== ACTIVITY ==
Among the entries below, find the line with "extrude(amount=EXTRUDE_1_DEPTH)", then quote it and each following line up to and including the line with "(-12.732892635, 5.760922904), align=None)", and nothing else.

**** RECORDS SUPPLIED ****

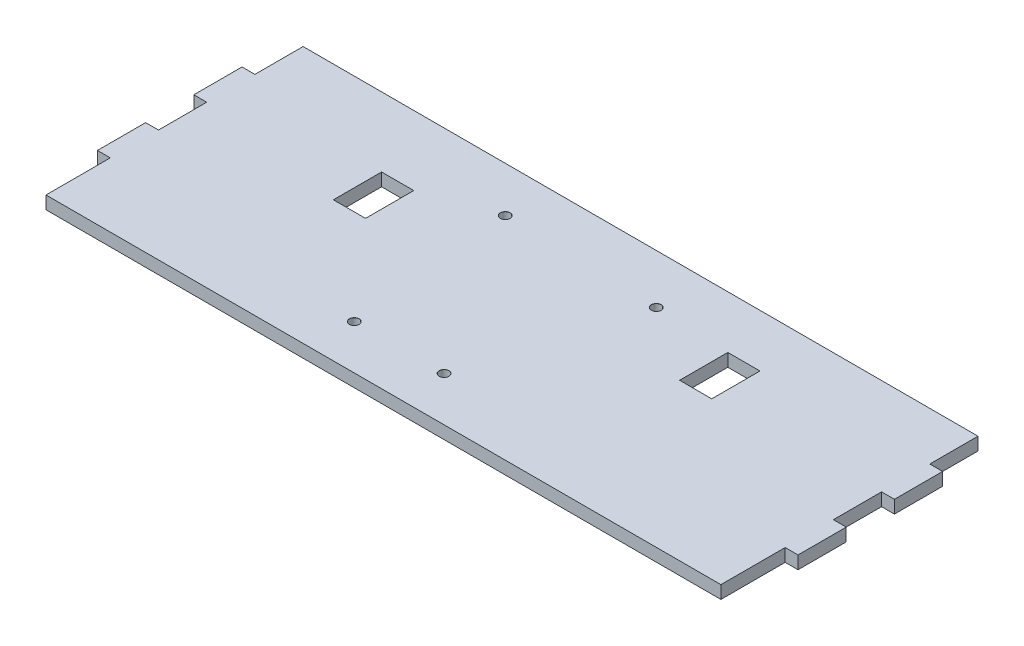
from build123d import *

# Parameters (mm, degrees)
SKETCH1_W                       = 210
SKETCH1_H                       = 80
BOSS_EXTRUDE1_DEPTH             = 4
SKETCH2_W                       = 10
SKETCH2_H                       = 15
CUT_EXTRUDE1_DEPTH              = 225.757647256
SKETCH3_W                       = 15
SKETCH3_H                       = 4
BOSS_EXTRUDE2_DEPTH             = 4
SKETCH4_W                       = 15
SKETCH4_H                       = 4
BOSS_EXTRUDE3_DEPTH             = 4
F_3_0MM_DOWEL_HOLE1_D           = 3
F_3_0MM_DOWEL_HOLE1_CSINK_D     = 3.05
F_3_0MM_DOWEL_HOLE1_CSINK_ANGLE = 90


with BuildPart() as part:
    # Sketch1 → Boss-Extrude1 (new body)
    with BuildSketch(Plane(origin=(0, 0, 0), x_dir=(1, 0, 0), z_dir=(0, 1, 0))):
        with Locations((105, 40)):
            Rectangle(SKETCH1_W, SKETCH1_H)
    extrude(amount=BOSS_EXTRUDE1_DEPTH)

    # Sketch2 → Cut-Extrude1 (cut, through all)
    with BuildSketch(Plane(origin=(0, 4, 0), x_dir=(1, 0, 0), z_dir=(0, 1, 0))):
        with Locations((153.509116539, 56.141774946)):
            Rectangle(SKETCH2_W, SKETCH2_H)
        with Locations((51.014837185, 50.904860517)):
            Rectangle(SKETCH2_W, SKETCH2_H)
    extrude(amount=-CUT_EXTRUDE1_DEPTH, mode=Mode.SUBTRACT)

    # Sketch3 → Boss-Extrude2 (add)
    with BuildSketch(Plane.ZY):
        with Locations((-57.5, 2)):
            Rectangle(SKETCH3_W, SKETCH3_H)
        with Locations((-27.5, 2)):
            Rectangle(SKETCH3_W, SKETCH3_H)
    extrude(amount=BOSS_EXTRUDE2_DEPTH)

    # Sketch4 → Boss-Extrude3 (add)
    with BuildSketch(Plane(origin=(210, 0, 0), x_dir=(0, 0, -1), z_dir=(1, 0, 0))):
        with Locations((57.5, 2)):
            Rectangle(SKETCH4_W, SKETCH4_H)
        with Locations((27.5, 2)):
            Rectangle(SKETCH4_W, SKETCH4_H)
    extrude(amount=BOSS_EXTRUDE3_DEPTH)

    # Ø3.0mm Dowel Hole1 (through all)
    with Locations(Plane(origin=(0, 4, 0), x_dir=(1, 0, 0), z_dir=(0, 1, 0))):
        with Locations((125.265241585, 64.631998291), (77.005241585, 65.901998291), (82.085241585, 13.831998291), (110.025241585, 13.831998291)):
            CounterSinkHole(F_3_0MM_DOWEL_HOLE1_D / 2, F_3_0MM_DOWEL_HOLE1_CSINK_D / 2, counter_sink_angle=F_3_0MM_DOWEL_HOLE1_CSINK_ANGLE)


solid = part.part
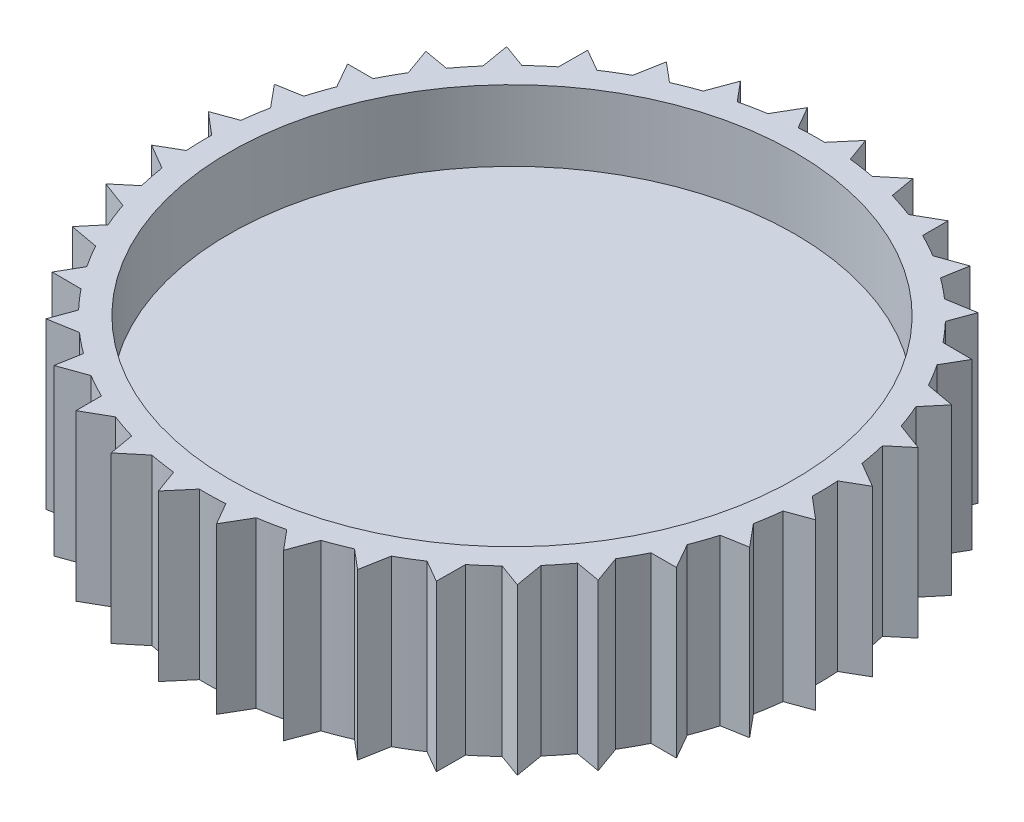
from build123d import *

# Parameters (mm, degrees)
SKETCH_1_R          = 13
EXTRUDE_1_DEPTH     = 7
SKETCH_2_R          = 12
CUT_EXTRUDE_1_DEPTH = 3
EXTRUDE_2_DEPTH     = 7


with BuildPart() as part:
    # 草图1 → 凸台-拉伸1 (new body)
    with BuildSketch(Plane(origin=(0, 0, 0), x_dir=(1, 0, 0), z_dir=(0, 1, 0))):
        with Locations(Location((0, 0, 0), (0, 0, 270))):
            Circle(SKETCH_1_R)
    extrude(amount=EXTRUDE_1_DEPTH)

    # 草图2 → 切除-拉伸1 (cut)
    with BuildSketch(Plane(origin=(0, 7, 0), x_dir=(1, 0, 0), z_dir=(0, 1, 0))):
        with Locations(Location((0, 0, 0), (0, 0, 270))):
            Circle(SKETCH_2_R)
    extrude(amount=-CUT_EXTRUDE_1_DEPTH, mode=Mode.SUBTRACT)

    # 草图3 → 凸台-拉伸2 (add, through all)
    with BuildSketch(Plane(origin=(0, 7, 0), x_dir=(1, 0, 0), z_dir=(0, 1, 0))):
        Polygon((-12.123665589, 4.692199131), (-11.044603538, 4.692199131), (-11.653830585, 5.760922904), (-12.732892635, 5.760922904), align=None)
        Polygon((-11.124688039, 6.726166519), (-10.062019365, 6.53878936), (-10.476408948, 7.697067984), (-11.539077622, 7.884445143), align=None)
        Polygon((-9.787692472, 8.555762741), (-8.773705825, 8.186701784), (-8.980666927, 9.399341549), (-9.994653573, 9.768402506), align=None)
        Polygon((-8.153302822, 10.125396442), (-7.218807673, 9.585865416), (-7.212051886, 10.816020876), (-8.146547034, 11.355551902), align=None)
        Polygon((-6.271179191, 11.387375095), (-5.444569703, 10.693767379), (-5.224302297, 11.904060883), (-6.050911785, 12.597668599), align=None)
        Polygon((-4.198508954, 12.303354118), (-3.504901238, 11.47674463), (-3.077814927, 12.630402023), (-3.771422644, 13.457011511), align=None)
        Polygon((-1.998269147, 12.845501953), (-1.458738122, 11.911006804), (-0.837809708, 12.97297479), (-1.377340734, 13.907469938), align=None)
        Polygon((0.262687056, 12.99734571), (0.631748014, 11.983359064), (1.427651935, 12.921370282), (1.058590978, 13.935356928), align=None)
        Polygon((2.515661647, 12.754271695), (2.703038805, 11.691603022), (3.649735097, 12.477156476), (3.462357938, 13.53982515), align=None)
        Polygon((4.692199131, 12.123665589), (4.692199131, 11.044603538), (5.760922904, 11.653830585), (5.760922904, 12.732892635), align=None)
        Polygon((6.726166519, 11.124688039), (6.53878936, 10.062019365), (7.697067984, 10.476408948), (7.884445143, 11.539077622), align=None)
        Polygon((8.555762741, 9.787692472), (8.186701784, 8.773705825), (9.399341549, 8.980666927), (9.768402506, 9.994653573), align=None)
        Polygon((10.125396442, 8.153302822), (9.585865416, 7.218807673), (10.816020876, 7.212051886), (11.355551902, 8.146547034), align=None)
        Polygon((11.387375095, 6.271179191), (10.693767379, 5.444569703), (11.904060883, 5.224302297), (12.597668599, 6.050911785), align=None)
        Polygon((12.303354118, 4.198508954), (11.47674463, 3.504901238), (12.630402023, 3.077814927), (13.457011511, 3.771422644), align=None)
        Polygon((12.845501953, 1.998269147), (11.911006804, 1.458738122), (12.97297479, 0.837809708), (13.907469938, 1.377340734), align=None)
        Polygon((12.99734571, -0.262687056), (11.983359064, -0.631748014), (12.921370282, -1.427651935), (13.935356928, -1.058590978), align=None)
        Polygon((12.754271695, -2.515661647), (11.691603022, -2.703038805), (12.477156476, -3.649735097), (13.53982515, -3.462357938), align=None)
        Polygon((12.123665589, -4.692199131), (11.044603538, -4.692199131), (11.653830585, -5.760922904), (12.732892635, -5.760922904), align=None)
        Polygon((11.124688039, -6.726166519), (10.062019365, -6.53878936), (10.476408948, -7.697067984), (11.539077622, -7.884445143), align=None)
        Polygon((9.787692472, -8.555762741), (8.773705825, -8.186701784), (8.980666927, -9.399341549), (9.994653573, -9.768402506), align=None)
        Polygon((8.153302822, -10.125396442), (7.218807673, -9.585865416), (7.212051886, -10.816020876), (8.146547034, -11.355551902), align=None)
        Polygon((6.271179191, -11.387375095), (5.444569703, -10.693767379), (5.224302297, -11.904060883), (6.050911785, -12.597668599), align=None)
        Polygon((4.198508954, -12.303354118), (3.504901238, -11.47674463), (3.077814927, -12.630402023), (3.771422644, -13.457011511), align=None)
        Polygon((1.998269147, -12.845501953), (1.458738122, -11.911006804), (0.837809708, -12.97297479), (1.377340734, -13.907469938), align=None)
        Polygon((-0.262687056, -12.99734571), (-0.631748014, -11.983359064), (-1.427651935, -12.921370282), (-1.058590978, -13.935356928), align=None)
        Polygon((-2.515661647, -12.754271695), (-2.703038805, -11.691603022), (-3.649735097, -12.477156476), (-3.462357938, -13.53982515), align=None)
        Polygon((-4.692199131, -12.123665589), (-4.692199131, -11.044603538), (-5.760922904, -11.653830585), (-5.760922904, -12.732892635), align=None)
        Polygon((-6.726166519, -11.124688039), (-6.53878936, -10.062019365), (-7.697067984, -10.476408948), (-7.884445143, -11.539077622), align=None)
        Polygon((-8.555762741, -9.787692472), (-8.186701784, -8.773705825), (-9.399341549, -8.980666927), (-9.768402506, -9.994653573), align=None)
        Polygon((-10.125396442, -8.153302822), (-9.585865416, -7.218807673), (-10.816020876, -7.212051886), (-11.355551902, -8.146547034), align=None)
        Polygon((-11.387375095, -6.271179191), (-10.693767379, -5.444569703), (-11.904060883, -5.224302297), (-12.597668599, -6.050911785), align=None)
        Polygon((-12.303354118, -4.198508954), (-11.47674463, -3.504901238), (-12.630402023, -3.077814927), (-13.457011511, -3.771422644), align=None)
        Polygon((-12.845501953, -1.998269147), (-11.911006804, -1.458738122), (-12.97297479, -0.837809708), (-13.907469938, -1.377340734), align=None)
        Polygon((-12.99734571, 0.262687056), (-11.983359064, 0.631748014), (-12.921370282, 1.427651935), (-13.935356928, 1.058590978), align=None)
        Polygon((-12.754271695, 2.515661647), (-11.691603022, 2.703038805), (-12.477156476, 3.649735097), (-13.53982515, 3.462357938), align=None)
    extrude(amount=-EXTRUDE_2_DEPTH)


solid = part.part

****

== RESPONSE ==
    extrude(amount=EXTRUDE_1_DEPTH)

    # 草图2 → 切除-拉伸1 (cut)
    with BuildSketch(Plane(origin=(0, 7, 0), x_dir=(1, 0, 0), z_dir=(0, 1, 0))):
        with Locations(Location((0, 0, 0), (0, 0, 270))):
            Circle(SKETCH_2_R)
    extrude(amount=-CUT_EXTRUDE_1_DEPTH, mode=Mode.SUBTRACT)

    # 草图3 → 凸台-拉伸2 (add, through all)
    with BuildSketch(Plane(origin=(0, 7, 0), x_dir=(1, 0, 0), z_dir=(0, 1, 0))):
        Polygon((-12.123665589, 4.692199131), (-11.044603538, 4.692199131), (-11.653830585, 5.760922904), (-12.732892635, 5.760922904), align=None)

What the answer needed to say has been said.